2014 PARTICIPATORY GOVERNANCE ASSESSMENT: TAKING … · Authors: Mr Nguyen Quang Tan with the contributions from Mr Nguyen Huu Dzung, Mr Hoang Huy Tuan, Mr Phan Trieu Giang, Ms Huynh

Huy Nguyen, PE ENGR10 20Sep12 Engr 10 Guest Lecture Huy Nguyen, PE September 20, 2012.
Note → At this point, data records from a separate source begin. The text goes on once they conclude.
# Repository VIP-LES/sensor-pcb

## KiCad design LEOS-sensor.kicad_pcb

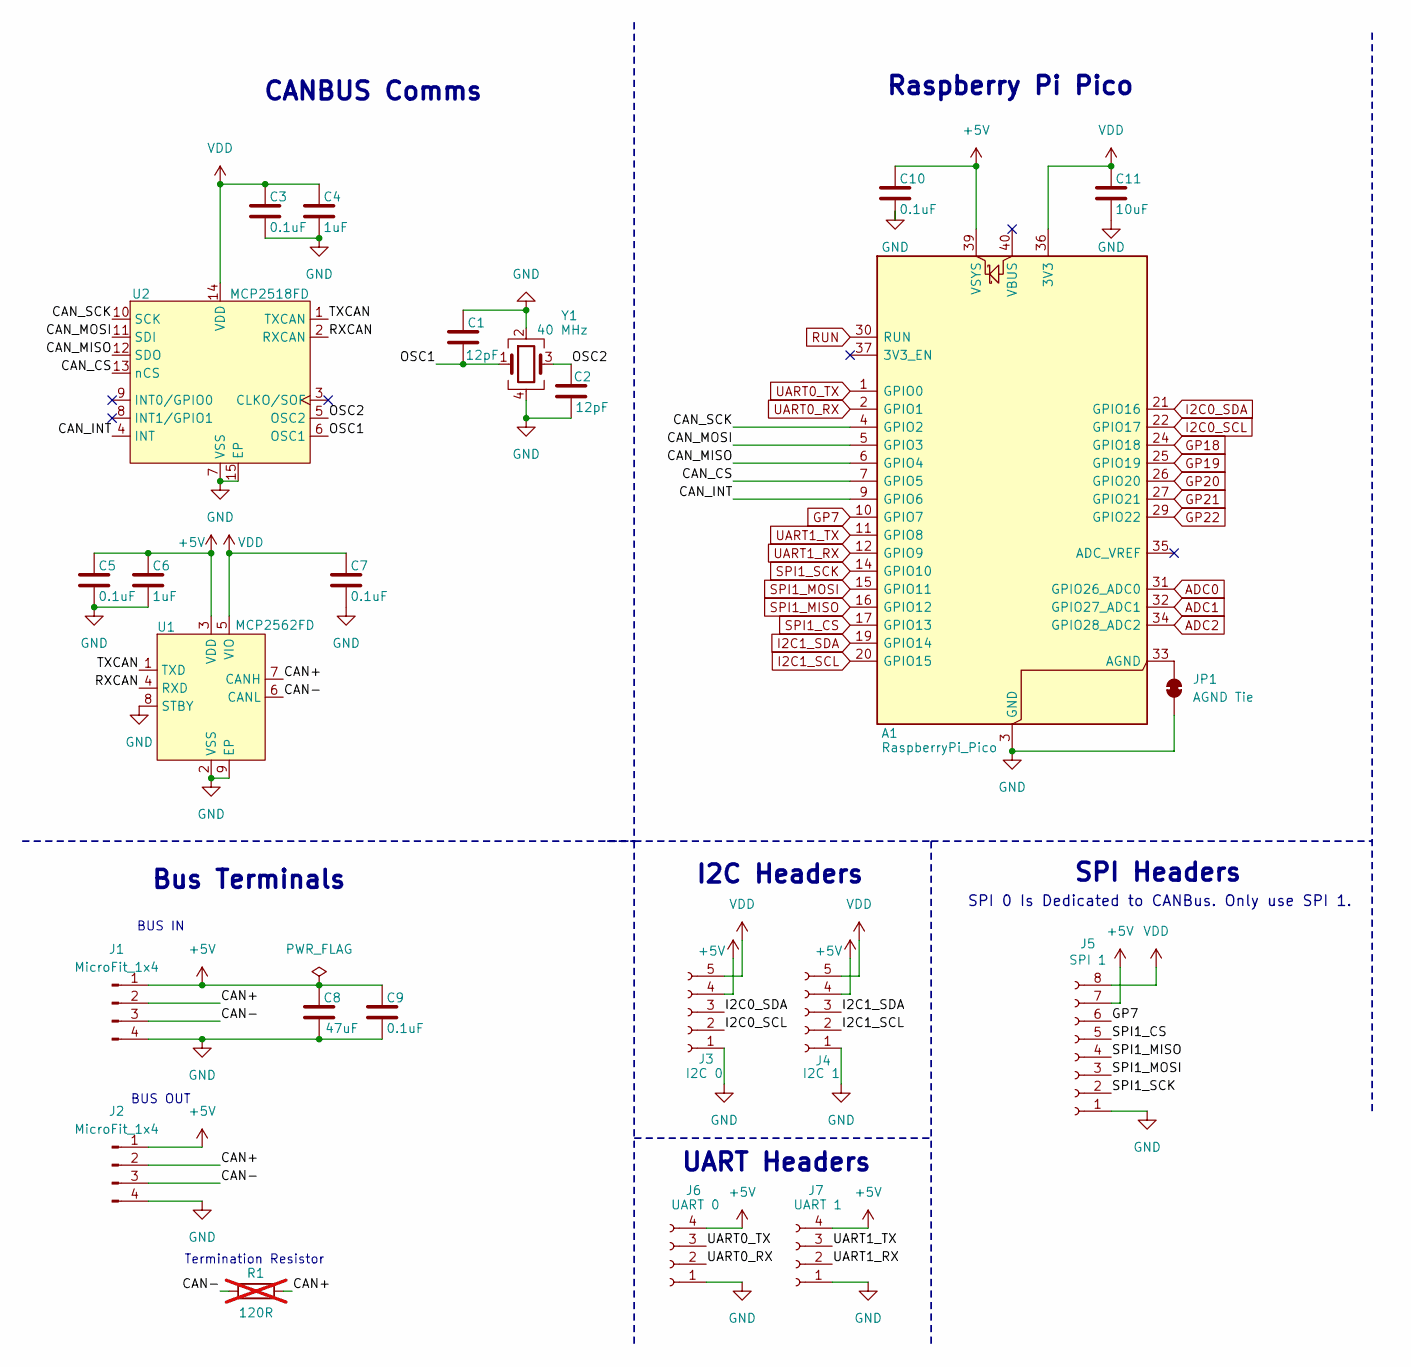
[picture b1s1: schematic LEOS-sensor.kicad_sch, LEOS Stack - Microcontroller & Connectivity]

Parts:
A1: RaspberryPi_Pico; RaspberryPi_Pico_Common_THT
C1, C2: 12pF; C_0603_1608Metric
C3, C5, C7, C9, C10: 0.1uF; C_0603_1608Metric
C4, C6: 1uF; C_0603_1608Metric
C8: 47uF; C_0603_1608Metric
C11: 10uF; C_0603_1608Metric
J1, J2: MicroFit_1x4; Molex_Micro-Fit_3.0_43650-0410_1x04-1MP_P3.00mm_Horizontal_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
J3: I2C 0; PinSocket_1x05_P2.54mm_Horizontal
J4: I2C 1; PinSocket_1x05_P2.54mm_Horizontal
J5: SPI 1; PinSocket_1x08_P2.54mm_Horizontal
J6: UART 0; PinSocket_1x04_P2.54mm_Horizontal
J7: UART 1; PinSocket_1x04_P2.54mm_Horizontal
JP1: AGND Tie; SolderJumper-2_P1.3mm_Bridged_RoundedPad1.0x1.5mm
R1: 120R; R_Axial_DIN0207_L6.3mm_D2.5mm_P7.62mm_Horizontal; not fitted
U1: MCP2562FD; SOIC-8_3.9x4.9mm_P1.27mm
U2: MCP2518FD; SOIC-14_3.9x8.7mm_P1.27mm
Y1: 40 MHz; Crystal_SMD_3225-4Pin_3.2x2.5mm_HandSoldering

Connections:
+5V: A1.39 (VSYS), C5.1, C6.1, C8.1, C9.1, C10.1, J1.1, J2.1, J3.4, J4.4, J5.7, J6.4, J7.4, U1.3 (VDD)
/CAN+: J1.2, J2.2, R1.2, U1.7 (CANH)
/CAN-: J1.3, J2.3, R1.1, U1.6 (CANL)
/CAN_CS: A1.7 (GPIO5), U2.13 (nCS)
/CAN_INT: A1.9 (GPIO6), U2.4 (INT)
/CAN_MISO: A1.6 (GPIO4), U2.12 (SDO)
/CAN_MOSI: A1.5 (GPIO3), U2.11 (SDI)
/CAN_SCK: A1.4 (GPIO2), U2.10 (SCK)
/OSC1: C1.1, U2.6 (OSC1), Y1.1
/OSC2: C2.2, U2.5 (OSC2), Y1.3
/RXCAN: U1.4 (RXD), U2.2 (RXCAN)
/TXCAN: U1.1 (TXD), U2.1 (TXCAN)
ADC0: A1.31 (GPIO26_ADC0)
ADC1: A1.32 (GPIO27_ADC1)
ADC2: A1.34 (GPIO28_ADC2)
GND: A1.3 (GND), A1.8 (GND), A1.13 (GND), A1.18 (GND), A1.23 (GND), A1.28 (GND), A1.38 (GND), C1.2, C2.1, C3.2, C4.2, C5.2, C6.2, C7.2, C8.2, C9.2, C10.2, C11.2, J1.4, J2.4, J3.1, J4.1, J5.1, J6.1, J7.1, JP1.1 (A), U1.2 (VSS), U1.8 (STBY), U1.9 (EP), U2.7 (VSS), U2.15 (EP), Y1.2, Y1.4
GP7: A1.10 (GPIO7), J5.6
GP18: A1.24 (GPIO18)
GP19: A1.25 (GPIO19)
GP20: A1.26 (GPIO20)
GP21: A1.27 (GPIO21)
GP22: A1.29 (GPIO22)
I2C0_SCL: A1.22 (GPIO17), J3.2
I2C0_SDA: A1.21 (GPIO16), J3.3
I2C1_SCL: A1.20 (GPIO15), J4.2
I2C1_SDA: A1.19 (GPIO14), J4.3
unnamed: A1.33 (AGND), JP1.2 (B)
RUN: A1.30 (RUN)
SPI1_CS: A1.17 (GPIO13), J5.5
SPI1_MISO: A1.16 (GPIO12), J5.4
SPI1_MOSI: A1.15 (GPIO11), J5.3
SPI1_SCK: A1.14 (GPIO10), J5.2
UART0_RX: A1.2 (GPIO1), J6.2
UART0_TX: A1.1 (GPIO0), J6.3
UART1_RX: A1.12 (GPIO9), J7.2
UART1_TX: A1.11 (GPIO8), J7.3
VDD: A1.36 (3V3), C3.1, C4.1, C7.1, C11.1, J3.5, J4.5, J5.8, U1.5 (VIO), U2.14 (VDD)

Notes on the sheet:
CANBUS Comms
SPI 0 Is Dedicated to CANBus. Only use SPI 1.
Raspberry Pi Pico
I2C Headers
SPI Headers
BUS IN
UART Headers
Termination Resistor
BUS OUT
Bus Terminals

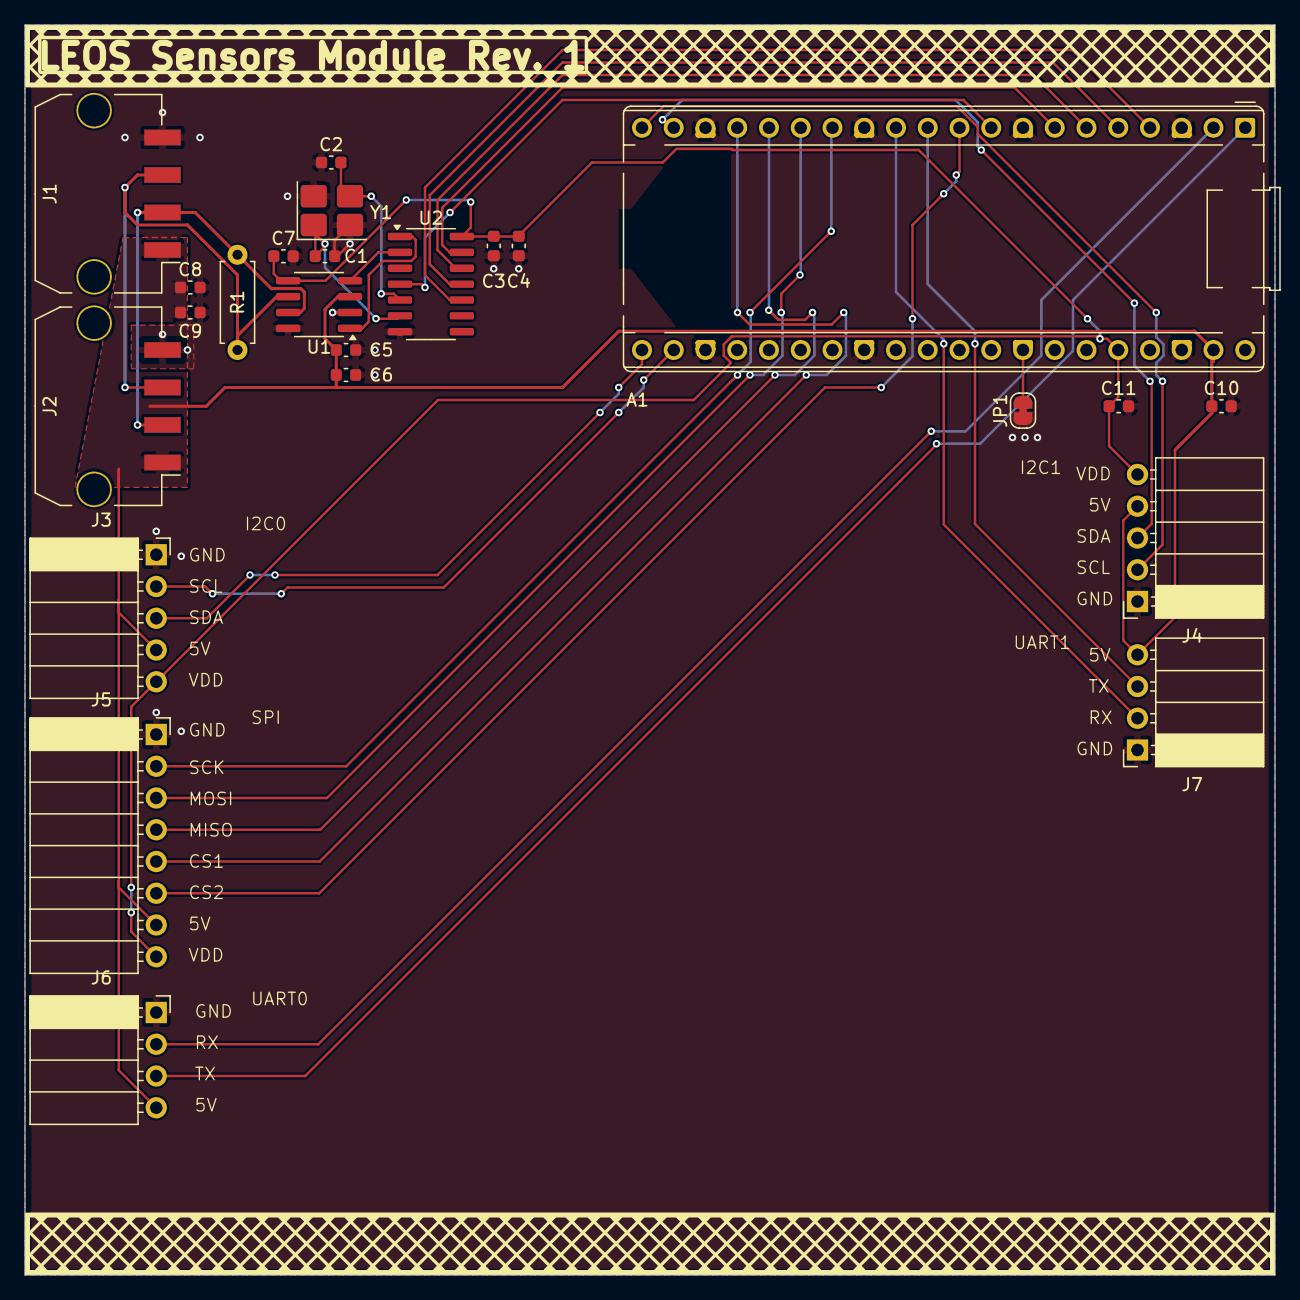
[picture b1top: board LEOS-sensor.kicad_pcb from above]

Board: 2 copper layers, 100.0 x 100.0 mm, 24 parts (0 on the bottom side), 28 nets.

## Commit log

2025-09-27 Routed and schematiced sensor board
2025-09-30 Converted schematic to Socket schematics and routed all headers
2025-09-30 added labels to pin connectors on pcb

Bai2 Bang Hoang Huy 2011 38€¦ · acta mathematica vietnamica 145 volume 36, number 2, 2011, pp. 145–167 some properties of orlicz-lorentz spaces ha huy bang, nguyen van hoang

static-content.springer.com10.1007... · Web viewMicrobial Production of Astilbin, a Bioactive Rhamnosylated Flavanonol, From Taxifolin Nguyen Huy Thuan1*, Sailesh Malla2, Nguyen

Workshop Proceedings EXPERIENCES AND POTENTIAL FOR …€¦ · 02-01-2000 · minority)." Nguyen Huy Dung, Nguyen Hai Nam and Pham Quoc Hung 30 "Doi and Ke Villages, Hien Luong Commune,

Cai Yu, Wu Xingyao, Rafael Rabelo, Le Huy Nguyen, Valerio ...ceqip.eu/2013/talks/ceqip2013_scarani.pdf · Rafael Rabelo PhD 4th year Wu Xingyao (邬兴尧 ) PhD 1st year Lê Huy Nguyên

A Novel Chopping-Spinning MAGFET Device Vincent FRICK , Huy Binh NGUYEN and Luc HEBRARD

Hidden Markov Models for Information Extraction Recent Results and Current Projects Joseph Smarr & Huy Nguyen Advisor: Chris Manning.